For those of you that aren't familiar with Facebook, or more specifically, the Facebook News Feed, it's basically a simple way for you to passively stay up-to-date with the lives of your friends, showing a personalized list of news stories relating to their daily activities. This aggregation of personalized social network information being presented to the user in an the easily digestable news feed is the critical component to Facebook's stickiness and overall success. The Facebook recipe does what Friendster and MySpace were unable to do, and that's what attracts and keep users coming back.

The second component that was a stroke of brilliance was realizing that they couldn't possibly build all the quality social utility applications internally. Opening up the Facebook Platform shifted the burden of innovation onto the development community. Facebook has found a great hook to keep people coming back to their site and the fact that they have an audience of 40 million and growing is why they matter.

Now imagine if you could get the attention of one percent of Facebook's user base. You could then make 400,000 people aware of your issue or campaign. This is the path that we are going down with the Facebook application we built called iConcur. iConcur allows users to create issue petitions within Facebook, append YouTube videos, and share issues with their social network. The application users can then choose to support or oppose petitions. Through the power of the Facebook News Feed, friends will be made aware when people in their network support or oppose an iConcur petition, and this can pique their interest in viewing the petition themselves. This passive, word-of-mouth marketing of issue petitions through the News Feed is an extremely powerful way to spread your message virally through Facebook's social network.

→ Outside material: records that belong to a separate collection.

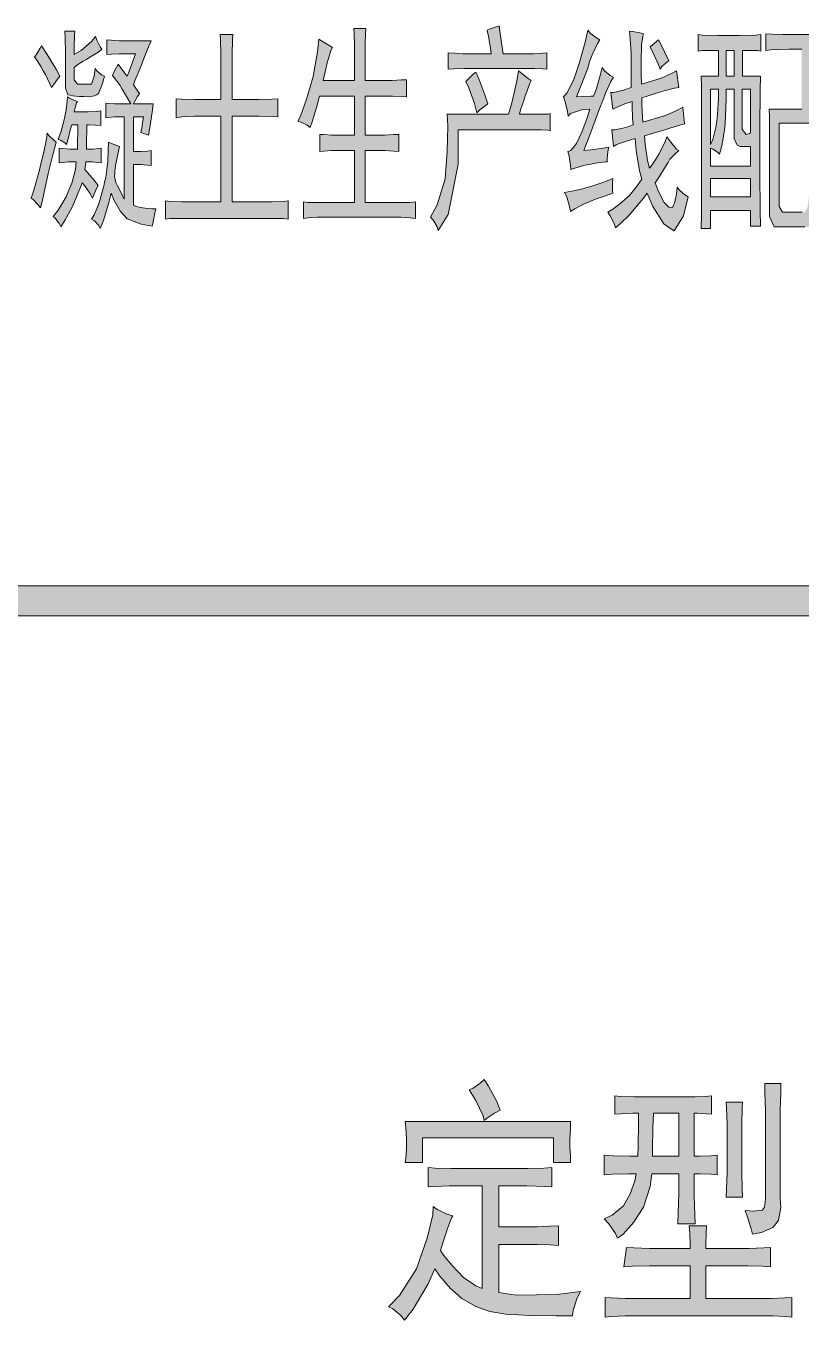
# Model space of a CAD drawing. Header units: millimetres. Extents: x 0 to 829, y 0 to 570.
# Drawn here: x 768.62 to 779.25, y 65.2 to 82.92 of the extents above; entities that cross this region are included whole.
import ezdxf

# ---------------------------------------------------------------- set-up
doc = ezdxf.new("R2010")
doc.units = ezdxf.units.MM

msp = doc.modelspace()

# ---------------------------------------------------------------- hatches: boundary and pattern name
h = msp.add_hatch(color=0)
h.dxf.hatch_style = 2
h.paths.add_polyline_path([(769.662333, 82.595861), (769.605889, 82.553528), (769.500056, 82.4865), (769.454194, 82.458278), (769.404806, 82.433583), (769.320139, 82.377139), (769.284861, 82.345389), (769.284861, 82.228972), (769.284861, 82.176056), (769.327194, 82.119611), (769.369528, 82.119611), (769.500056, 82.119611), (769.521222, 82.119611), (769.5565, 82.228972), (769.570611, 82.334806), (769.595306, 82.299528), (769.658806, 82.246611), (769.697611, 82.228972), (769.669389, 82.116083), (769.616472, 81.989083), (769.58825, 81.971444), (769.560028, 81.957333), (769.475361, 81.94675), (769.415389, 81.950278), (769.351889, 81.950278), (769.260167, 81.960861), (769.228417, 81.967917), (769.196667, 81.971444), (769.164917, 82.063167), (769.164917, 82.144306), (769.164917, 82.440639), (769.164917, 82.553528), (769.161389, 82.754611), (769.157861, 82.842806), (769.291917, 82.842806), (769.288389, 82.789889), (769.284861, 82.631139), (769.284861, 82.525306), (769.380111, 82.58175), (769.52475, 82.70875), (769.577667, 82.77225), (769.595306, 82.719333), (769.637639, 82.631139)])
h = msp.add_hatch(color=0)
h.dxf.hatch_style = 2
h.paths.add_polyline_path([(771.292167, 81.907944), (771.292167, 82.430056), (771.292167, 82.535889), (771.288639, 82.719333), (771.285111, 82.796944), (771.457972, 82.796944), (771.454444, 82.719333), (771.450917, 82.535889), (771.450917, 82.430056), (771.450917, 81.907944), (771.719028, 81.907944), (771.81075, 81.907944), (771.990667, 81.915), (772.075333, 81.918528), (772.075333, 81.671583), (771.994194, 81.675111), (771.814278, 81.682167), (771.719028, 81.682167), (771.450917, 81.682167), (771.450917, 80.507417), (771.906, 80.507417), (771.994194, 80.507417), (772.149417, 80.514472), (772.216444, 80.521528), (772.216444, 80.271056), (772.149417, 80.278111), (771.994194, 80.281639), (771.906, 80.281639), (770.844139, 80.281639), (770.748889, 80.281639), (770.593667, 80.278111), (770.537222, 80.271056), (770.537222, 80.521528), (770.597194, 80.514472), (770.752417, 80.507417), (770.844139, 80.507417), (771.292167, 80.507417), (771.292167, 81.682167), (771.013472, 81.682167), (770.925278, 81.682167), (770.759472, 81.671583), (770.681861, 81.657472), (770.681861, 81.918528), (770.759472, 81.915), (770.925278, 81.907944), (771.013472, 81.907944)])
h = msp.add_hatch(color=0)
h.dxf.hatch_style = 2
h.paths.add_polyline_path([(772.823222, 82.620556), (772.802056, 82.578222), (772.766778, 82.472389), (772.752667, 82.412417), (772.738556, 82.348917), (772.710333, 82.228972), (772.696222, 82.169), (773.123083, 82.169), (773.123083, 82.58175), (773.123083, 82.659361), (773.119556, 82.807528), (773.116028, 82.881611), (773.278306, 82.881611), (773.274778, 82.814583), (773.27125, 82.666417), (773.27125, 82.58175), (773.27125, 82.169), (773.585222, 82.169), (773.641667, 82.169), (773.768667, 82.176056), (773.839222, 82.179583), (773.839222, 81.943222), (773.772194, 81.950278), (773.645194, 81.953806), (773.585222, 81.953806), (773.27125, 81.953806), (773.27125, 81.421111), (773.489972, 81.421111), (773.542889, 81.421111), (773.662833, 81.428167), (773.733389, 81.431694), (773.733389, 81.195333), (773.666361, 81.202389), (773.546417, 81.209444), (773.489972, 81.209444), (773.27125, 81.209444), (773.27125, 80.496833), (773.698111, 80.496833), (773.754556, 80.496833), (773.885083, 80.500361), (773.962694, 80.507417), (773.962694, 80.281639), (773.888611, 80.288694), (773.758083, 80.29575), (773.698111, 80.29575), (772.671528, 80.29575), (772.611556, 80.29575), (772.488083, 80.288694), (772.424583, 80.281639), (772.424583, 80.507417), (772.491611, 80.500361), (772.615083, 80.496833), (772.671528, 80.496833), (773.123083, 80.496833), (773.123083, 81.209444), (772.8585, 81.209444), (772.809111, 81.209444), (772.706806, 81.202389), (772.650361, 81.195333), (772.650361, 81.431694), (772.706806, 81.428167), (772.809111, 81.421111), (772.8585, 81.421111), (773.123083, 81.421111), (773.123083, 81.953806), (772.643306, 81.953806), (772.611556, 81.830333), (772.548056, 81.615139), (772.516306, 81.526944), (772.4775, 81.558694), (772.392833, 81.5975), (772.346972, 81.611611), (772.385778, 81.682167), (772.466917, 81.911472), (772.512778, 82.066694), (772.558639, 82.225444), (772.618611, 82.560583), (772.63625, 82.736972)])
h = msp.add_hatch(color=0)
h.dxf.hatch_style = 2
h.paths.add_polyline_path([(775.105694, 82.916889), (775.11275, 82.874556), (775.140972, 82.684056), (775.162139, 82.535889), (775.518444, 82.535889), (775.581944, 82.535889), (775.705417, 82.542944), (775.761861, 82.546472), (775.761861, 82.324222), (775.705417, 82.32775), (775.592528, 82.334806), (775.539611, 82.334806), (774.678833, 82.334806), (774.625917, 82.334806), (774.491861, 82.32775), (774.410722, 82.324222), (774.410722, 82.546472), (774.495389, 82.542944), (774.60475, 82.535889), (774.629444, 82.535889), (774.999861, 82.535889), (774.989278, 82.6135), (774.961056, 82.77225), (774.943417, 82.856917), (774.98575, 82.874556), (775.066889, 82.902778)])
h = msp.add_hatch(color=0)
h.dxf.hatch_style = 2
h.paths.add_polyline_path([(776.488583, 82.726389), (776.453306, 82.673472), (776.38275, 82.521778), (776.347472, 82.423), (776.315722, 82.324222), (776.224, 82.084333), (776.167556, 81.943222), (776.252222, 81.950278), (776.368639, 81.953806), (776.400389, 81.953806), (776.435667, 82.045528), (776.492111, 82.239556), (776.516806, 82.345389), (776.552083, 82.303056), (776.629694, 82.239556), (776.672028, 82.214861), (776.63675, 82.154889), (776.562667, 81.996139), (776.527389, 81.897361), (776.488583, 81.795056), (776.358056, 81.449333), (776.266333, 81.209444), (776.361583, 81.220028), (776.534444, 81.244722), (776.608528, 81.255306), (776.597944, 81.195333), (776.587361, 81.096556), (776.587361, 81.054222), (776.562667, 81.054222), (776.453306, 81.040111), (776.365111, 81.022472), (776.280444, 81.008361), (776.142861, 80.969556), (776.089944, 80.948389), (776.086417, 81.004833), (776.06525, 81.131833), (776.047611, 81.195333), (776.089944, 81.212972), (776.167556, 81.308222), (776.202833, 81.385833), (776.238111, 81.463444), (776.312194, 81.657472), (776.351, 81.777417), (776.234583, 81.766833), (776.086417, 81.717444), (776.054667, 81.682167), (776.044083, 81.745667), (776.012333, 81.876194), (775.987639, 81.943222), (776.037028, 81.996139), (776.125222, 82.172528), (776.167556, 82.292472), (776.209889, 82.415944), (776.2875, 82.694639), (776.322778, 82.856917), (776.358056, 82.814583), (776.442722, 82.751083)])
h = msp.add_hatch(color=0)
h.dxf.hatch_style = 2
h.paths.add_polyline_path([(776.915444, 82.45475), (776.915444, 82.542944), (776.904861, 82.736972), (776.894278, 82.842806), (776.940139, 82.839278), (777.035389, 82.821639), (777.084778, 82.807528), (777.074194, 82.77225), (777.060083, 82.659361), (777.056556, 82.578222), (777.053028, 82.497083), (777.053028, 82.267778), (777.056556, 82.119611), (777.299972, 82.193694), (777.359944, 82.214861), (777.479889, 82.267778), (777.539861, 82.299528), (777.568083, 82.07375), (777.508111, 82.063167), (777.384639, 82.031417), (777.321139, 82.013778), (777.063611, 81.932639), (777.063611, 81.837389), (777.070667, 81.671583), (777.077722, 81.5975), (777.356417, 81.682167), (777.426972, 81.706861), (777.561028, 81.766833), (777.624528, 81.802111), (777.645694, 81.576333), (777.582194, 81.558694), (777.448139, 81.516361), (777.377583, 81.491667), (777.098889, 81.410528), (777.105944, 81.290583), (777.141222, 81.071861), (777.169444, 80.969556), (777.201194, 81.011889), (777.264694, 81.107139), (777.296444, 81.160056), (777.324667, 81.212972), (777.381111, 81.332917), (777.405806, 81.396417), (777.458722, 81.325861), (777.539861, 81.230611), (777.568083, 81.209444), (777.522222, 81.170639), (777.448139, 81.093028), (777.423444, 81.047167), (777.395222, 81.004833), (777.310556, 80.863722), (777.247056, 80.768472), (777.292917, 80.648528), (777.367, 80.500361), (777.402278, 80.465083), (777.434028, 80.433333), (777.483417, 80.429806), (777.497528, 80.461556), (777.511639, 80.489778), (777.536333, 80.61325), (777.546917, 80.7085), (777.578667, 80.669694), (777.65275, 80.602667), (777.698611, 80.577972), (777.635111, 80.316917), (777.504583, 80.108778), (777.434028, 80.158167), (777.363472, 80.207556), (777.211778, 80.443917), (777.134167, 80.627361), (777.084778, 80.560333), (776.986, 80.440389), (776.940139, 80.383944), (776.89075, 80.3275), (776.770806, 80.211083), (776.70025, 80.151111), (776.682611, 80.211083), (776.629694, 80.316917), (776.594417, 80.366306), (776.664972, 80.408639), (776.784917, 80.496833), (776.834306, 80.542694), (776.887222, 80.592083), (777.000111, 80.726139), (777.063611, 80.817861), (777.031861, 80.934278), (776.986, 81.212972), (776.971889, 81.37525), (776.866056, 81.3435), (776.714361, 81.290583), (776.672028, 81.265889), (776.650861, 81.491667), (776.693194, 81.491667), (776.841361, 81.526944), (776.943667, 81.562222), (776.936611, 81.657472), (776.929556, 81.81975), (776.929556, 81.88325), (776.830778, 81.847972), (776.70025, 81.795056), (776.664972, 81.777417), (776.63675, 82.003194), (776.672028, 82.003194), (776.809611, 82.038472), (776.915444, 82.07375)])
h = msp.add_hatch(color=0)
h.paths.add_polyline_path([(778.111361, 82.228972), (778.111361, 82.58175), (778.026694, 82.58175), (777.889111, 82.578222), (777.832667, 82.571167), (777.832667, 82.796944), (777.892639, 82.789889), (778.104306, 82.786361), (778.252472, 82.786361), (778.400639, 82.786361), (778.622889, 82.789889), (778.693444, 82.796944), (778.693444, 82.571167), (778.647583, 82.578222), (778.524111, 82.58175), (778.442972, 82.58175), (778.442972, 82.228972), (778.686389, 82.228972), (778.682861, 82.031417), (778.679333, 81.526944), (778.679333, 81.220028), (778.679333, 80.909583), (778.682861, 80.391), (778.686389, 80.175806), (778.552333, 80.175806), (778.552333, 80.391), (778.002, 80.391), (778.002, 80.140528), (777.875, 80.140528), (777.878528, 80.331028), (777.882056, 80.874306), (777.882056, 81.230611), (777.882056, 81.593972), (777.878528, 82.091389), (777.875, 82.228972)])
h.paths.add_polyline_path([(778.002, 80.99425), (778.552333, 80.99425), (778.552333, 81.265889), (778.407694, 81.265889), (778.368889, 81.283528), (778.330083, 81.37525), (778.330083, 81.445806), (778.330083, 82.049056), (778.217194, 82.049056), (778.217194, 81.918528), (778.210139, 81.689222), (778.203083, 81.586917), (778.196028, 81.488139), (778.157222, 81.272944), (778.125472, 81.160056), (778.100778, 81.188278), (778.037278, 81.230611), (778.002, 81.244722)])
h.paths.add_polyline_path([(778.552333, 80.577972), (778.552333, 80.828444), (778.002, 80.828444), (778.002, 80.577972)])
h.paths.add_polyline_path([(778.435917, 81.576333), (778.435917, 81.498722), (778.492361, 81.431694), (778.552333, 81.445806), (778.552333, 82.049056), (778.435917, 82.049056)])
h.paths.add_polyline_path([(778.002, 81.290583), (778.03375, 81.361139), (778.076083, 81.523417), (778.090194, 81.615139), (778.100778, 81.710389), (778.111361, 81.925583), (778.111361, 82.049056), (778.002, 82.049056)])
h.paths.add_polyline_path([(778.330083, 82.228972), (778.330083, 82.58175), (778.217194, 82.58175), (778.217194, 82.228972)])
h = msp.add_hatch(color=0)
h.dxf.hatch_style = 2
h.paths.add_polyline_path([(778.764, 82.807528), (778.848667, 82.804), (778.993306, 82.796944), (779.04975, 82.796944), (779.399, 82.796944), (779.395472, 82.684056), (779.391944, 82.377139), (779.391944, 82.179583), (779.391944, 81.989083), (779.395472, 81.69275), (779.399, 81.586917), (778.943917, 81.586917), (778.943917, 80.521528), (778.943917, 80.443917), (778.989778, 80.366306), (779.035639, 80.366306), (779.261417, 80.366306), (779.289639, 80.366306), (779.328444, 80.419222), (779.339028, 80.472139), (779.346083, 80.525056), (779.356667, 80.662639), (779.356667, 80.743778), (779.391944, 80.697917), (779.469556, 80.637944), (779.511889, 80.627361), (779.487194, 80.479194), (779.444861, 80.288694), (779.43075, 80.246361), (779.413111, 80.204028), (779.349611, 80.165222), (779.296694, 80.165222), (778.943917, 80.165222), (778.876889, 80.165222), (778.813389, 80.306333), (778.813389, 80.447444), (778.813389, 81.396417), (778.813389, 81.481083), (778.809861, 81.671583), (778.806333, 81.777417), (779.254361, 81.777417), (779.254361, 82.595861), (779.077972, 82.595861), (778.831028, 82.588806), (778.764, 82.58175)])
h = msp.add_hatch(color=0)
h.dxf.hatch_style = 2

The second, more compelling reason to adopt iConcur as a method of gathering support is the wealth of demographic information that is available through Facebook. If you have five thousand supporters of your iConcur petition, it's tremendously valuable for you to be able to drill down and find out that 36% of these supporters came from Dallas and that 8% are between 25 and 35. Any demographic information available on a user's Facebook profile is available to analyze at the aggregate level, giving you a clear snapshot of the individuals supporting your cause. Alternatively, you can see the same demographic information for those opposing your petition and potentially come up with a strategy to first understand why they oppose your issue, and then address their concerns.